I’m that someone. And I’m watching his face with rapt attention as I’ve just been handed a piece of evidence I didn't know I was looking for.
“Your mother invited me, and specifically told me to arrive the day after the party,” Rohan says, settling back into his chair and stretching his long legs out. “She thought it would be nice to have some of Dev's friends present for after the festivities. A show of goodwill between the families. Very diplomatic.” He picks up Priya's abandoned glass of nimbu pani and takes a sip as if it's his. “I must say, the engagement party sounded spectacular. Sunita's report was extremely thorough. Apparently, there was a speech?”
“There was a speech,” Arjun confirms, his voice clipped to the point of surgical.
“A speech that made Kavita cry into a samosa, according to Sunita's minute-by-minute coverage.” Rohan turns to me, and the smirk is back, warm and teasing and aimed directly at the side of Arjun's head. “You made an auntie cry into a samosa at a Kapoor party. That's not a speech, Casey, that's a siege weapon.”
“It was just an honest speech,” I say.
“It was off-script,” Arjun says.
“It was honest and off-script and spontaneous. The best things in life usually are, you know.” Rohan leans back in his chair, and I watch him do something deliberate. Something calculated beneath the simple charm. He angles his body toward me. Not dramatically. Just a slight turn, a reorientation, enough that his attention is now focused on me rather than distributed across the group. It's the body language of a man directing a conversation, and he's directing it at me.
“Tell me about yourself, Casey. I want the authentic version, not the Sunita dispatch. What does a giant of a Canadian paediatrician do for fun when he's not attending Kapoor galas?”
“Hockey,” I say. “I watch hockey, I talk about hockey, I boreeveryone around me with hockey. I have a dog named Oliver who I'm fairly sure has separation anxiety and has definitely eaten something belonging to my neighbour by now. I eat terribly and I can't sit still. And I'm really, really bad at being anywhere that requires me to wear shoes that aren't sneakers.”

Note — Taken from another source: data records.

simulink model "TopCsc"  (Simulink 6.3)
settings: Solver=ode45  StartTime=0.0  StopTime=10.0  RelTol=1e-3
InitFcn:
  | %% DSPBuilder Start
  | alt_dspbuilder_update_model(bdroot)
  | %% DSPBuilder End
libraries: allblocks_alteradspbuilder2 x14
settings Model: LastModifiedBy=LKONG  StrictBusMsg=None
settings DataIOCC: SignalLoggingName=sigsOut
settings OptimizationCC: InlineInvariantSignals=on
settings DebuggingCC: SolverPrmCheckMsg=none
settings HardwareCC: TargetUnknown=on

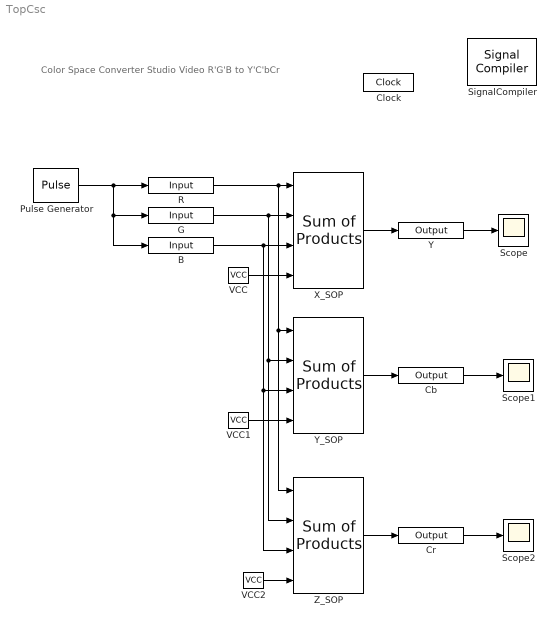
== system TopCsc ==
  note: Color Space Converter
      | Studio Video R'G'B to Y'C'bCr
  B : allblocks_alteradspbuilder2/Input  iofile=D:\dspbuilder\dspb_71\DesignExamples\demos\Transforms\Csc\tb_TopCsc\TopCsc_B.salt  BusType=Signed Integer  bwl=8  bwr=0  SpecifyClock=off  PORTTYPE=Input
  Cb : allblocks_alteradspbuilder2/Output  iofile=D:\dspbuilder\dspb_71\DesignExamples\demos\Transforms\Csc\tb_TopCsc\TopCsc_Cb.capture  BusType=Signed Integer  bwl=26  bwr=0  PORTTYPE=Output
  Clock : allblocks_alteradspbuilder2/Clock  ClockPeriod=100  ClockPeriodUnit=ns  SampleTime=1  SimulationStartCycle=5  PhaseOffset=0  Reset=aclr  Export=off
  Cr : allblocks_alteradspbuilder2/Output  iofile=D:\dspbuilder\dspb_71\DesignExamples\demos\Transforms\Csc\tb_TopCsc\TopCsc_Cr.capture  BusType=Signed Integer  bwl=26  bwr=0  PORTTYPE=Output
  G : allblocks_alteradspbuilder2/Input  iofile=D:\dspbuilder\dspb_71\DesignExamples\demos\Transforms\Csc\tb_TopCsc\TopCsc_G.salt  BusType=Signed Integer  bwl=8  bwr=0  SpecifyClock=off  PORTTYPE=Input
  Pulse Generator : DiscretePulseGenerator  Amplitude=120  Period=200
  R : allblocks_alteradspbuilder2/Input  iofile=D:\dspbuilder\dspb_71\DesignExamples\demos\Transforms\Csc\tb_TopCsc\TopCsc_R.salt  BusType=Signed Integer  bwl=8  bwr=0  SpecifyClock=off  PORTTYPE=Input
  Scope : Scope
  Scope1 : Scope
  Scope2 : Scope
      settings: SaveName=ScopeData2
  SignalCompiler : allblocks_alteradspbuilder2/Signal Compiler  DeviceFamily=Stratix IV  DeviceName=AUTO  EnableSignalTap=off  SignalTapDepth=128  UseBoardBlock=off  StpUseDefaultClock=on  StpClock=Clock
  VCC : allblocks_alteradspbuilder2/VCC  SpecifyClock=off
  VCC1 : allblocks_alteradspbuilder2/VCC  SpecifyClock=off
  VCC2 : allblocks_alteradspbuilder2/VCC  SpecifyClock=off
  X_SOP : allblocks_alteradspbuilder2/Sum of Products  BusType=Signed Integer  InputBwl=8  InputBwr=0  number_of_coefficients=4  CoefBwl=16  CoefBwr=0  coefficients=[39 75 14 2048]  pipeline=4  full_resolution=on  OutputBwl=(26) - (0)  OutputBwr=0  TruncateLsb=0  implementation=Auto  use_ena=off  use_aclr=off
  Y : allblocks_alteradspbuilder2/Output  iofile=D:\dspbuilder\dspb_71\DesignExamples\demos\Transforms\Csc\tb_TopCsc\TopCsc_Y.capture  BusType=Signed Integer  bwl=26  bwr=0  PORTTYPE=Output
  Y_SOP : allblocks_alteradspbuilder2/Sum of Products  BusType=Signed Integer  InputBwl=8  InputBwr=0  number_of_coefficients=4  CoefBwl=16  CoefBwr=0  coefficients=[-22 -44 66 16384]  pipeline=4  full_resolution=on  OutputBwl=(26) - (0)  OutputBwr=0  TruncateLsb=0  implementation=Auto  use_ena=off  use_aclr=off
  Z_SOP : allblocks_alteradspbuilder2/Sum of Products  BusType=Signed Integer  InputBwl=8  InputBwr=0  number_of_coefficients=4  CoefBwl=16  CoefBwr=0  coefficients=[66 -55 -10 16384]  pipeline=4  full_resolution=on  OutputBwl=(26) - (0)  OutputBwr=0  TruncateLsb=0  implementation=Auto  use_ena=off  use_aclr=off
  wires:
  R/1 -> X_SOP/1, Y_SOP/1, Z_SOP/1
  G/1 -> X_SOP/2, Y_SOP/2, Z_SOP/2
  B/1 -> X_SOP/3, Y_SOP/3, Z_SOP/3
  VCC/1 -> X_SOP/4
  VCC1/1 -> Y_SOP/4
  VCC2/1 -> Z_SOP/4
  X_SOP/1 -> Y/1
  Y_SOP/1 -> Cb/1
  Z_SOP/1 -> Cr/1
  Pulse Generator/1 -> R/1, G/1, B/1
  Y/1 -> Scope/1
  Cb/1 -> Scope1/1
  Cr/1 -> Scope2/1

Rohan laughs. It’s a warm, genuine, annoyingly attractive laugh. “You're absolutely delightful,” he says, and then, leaning closer, his voice dropping into something lower, more intimate: “I have to ask, Casey. Do you always generate this much heat, or is it just the Rajasthani climate?” His eyes drop to my chest and back up again with a slowness that is deliberate. “Because I think it might just be you.” The words are aimed past me like a ricochet shot off the boards, directly at Arjun.
I look at Arjun.
And there it is.
It's not the clinical mask. It's not the Dread Prince composure. It's something I've never seen before, something that lives underneath all of that, burning through the cracks like light through a fissure. His animated eyes are locked on Rohan's hand, which is resting on the arm of the chair closest to mine, and there is an expression on Arjun's face that a less observant man would miss but that I, Casey Welling, PhD in the micro-expressions of Dr. Arjun Kapoor, read with perfect, devastating clarity.
Jealousy.
Raw, involuntary, barely leashed jealousy, the kind that a man who has spent his entire life controlling every visible emotion cannot fully contain because it’s coming from somewhere too deep and too primal for his clinical filters to catch. His jaw is locked. A vein in his temple is visible. His hands, clasped behind his back, are gripping each other so hard that the tendons are standing out like surgical cables.
He’s jealous. Of Rohan. Because Rohan is flirting with me.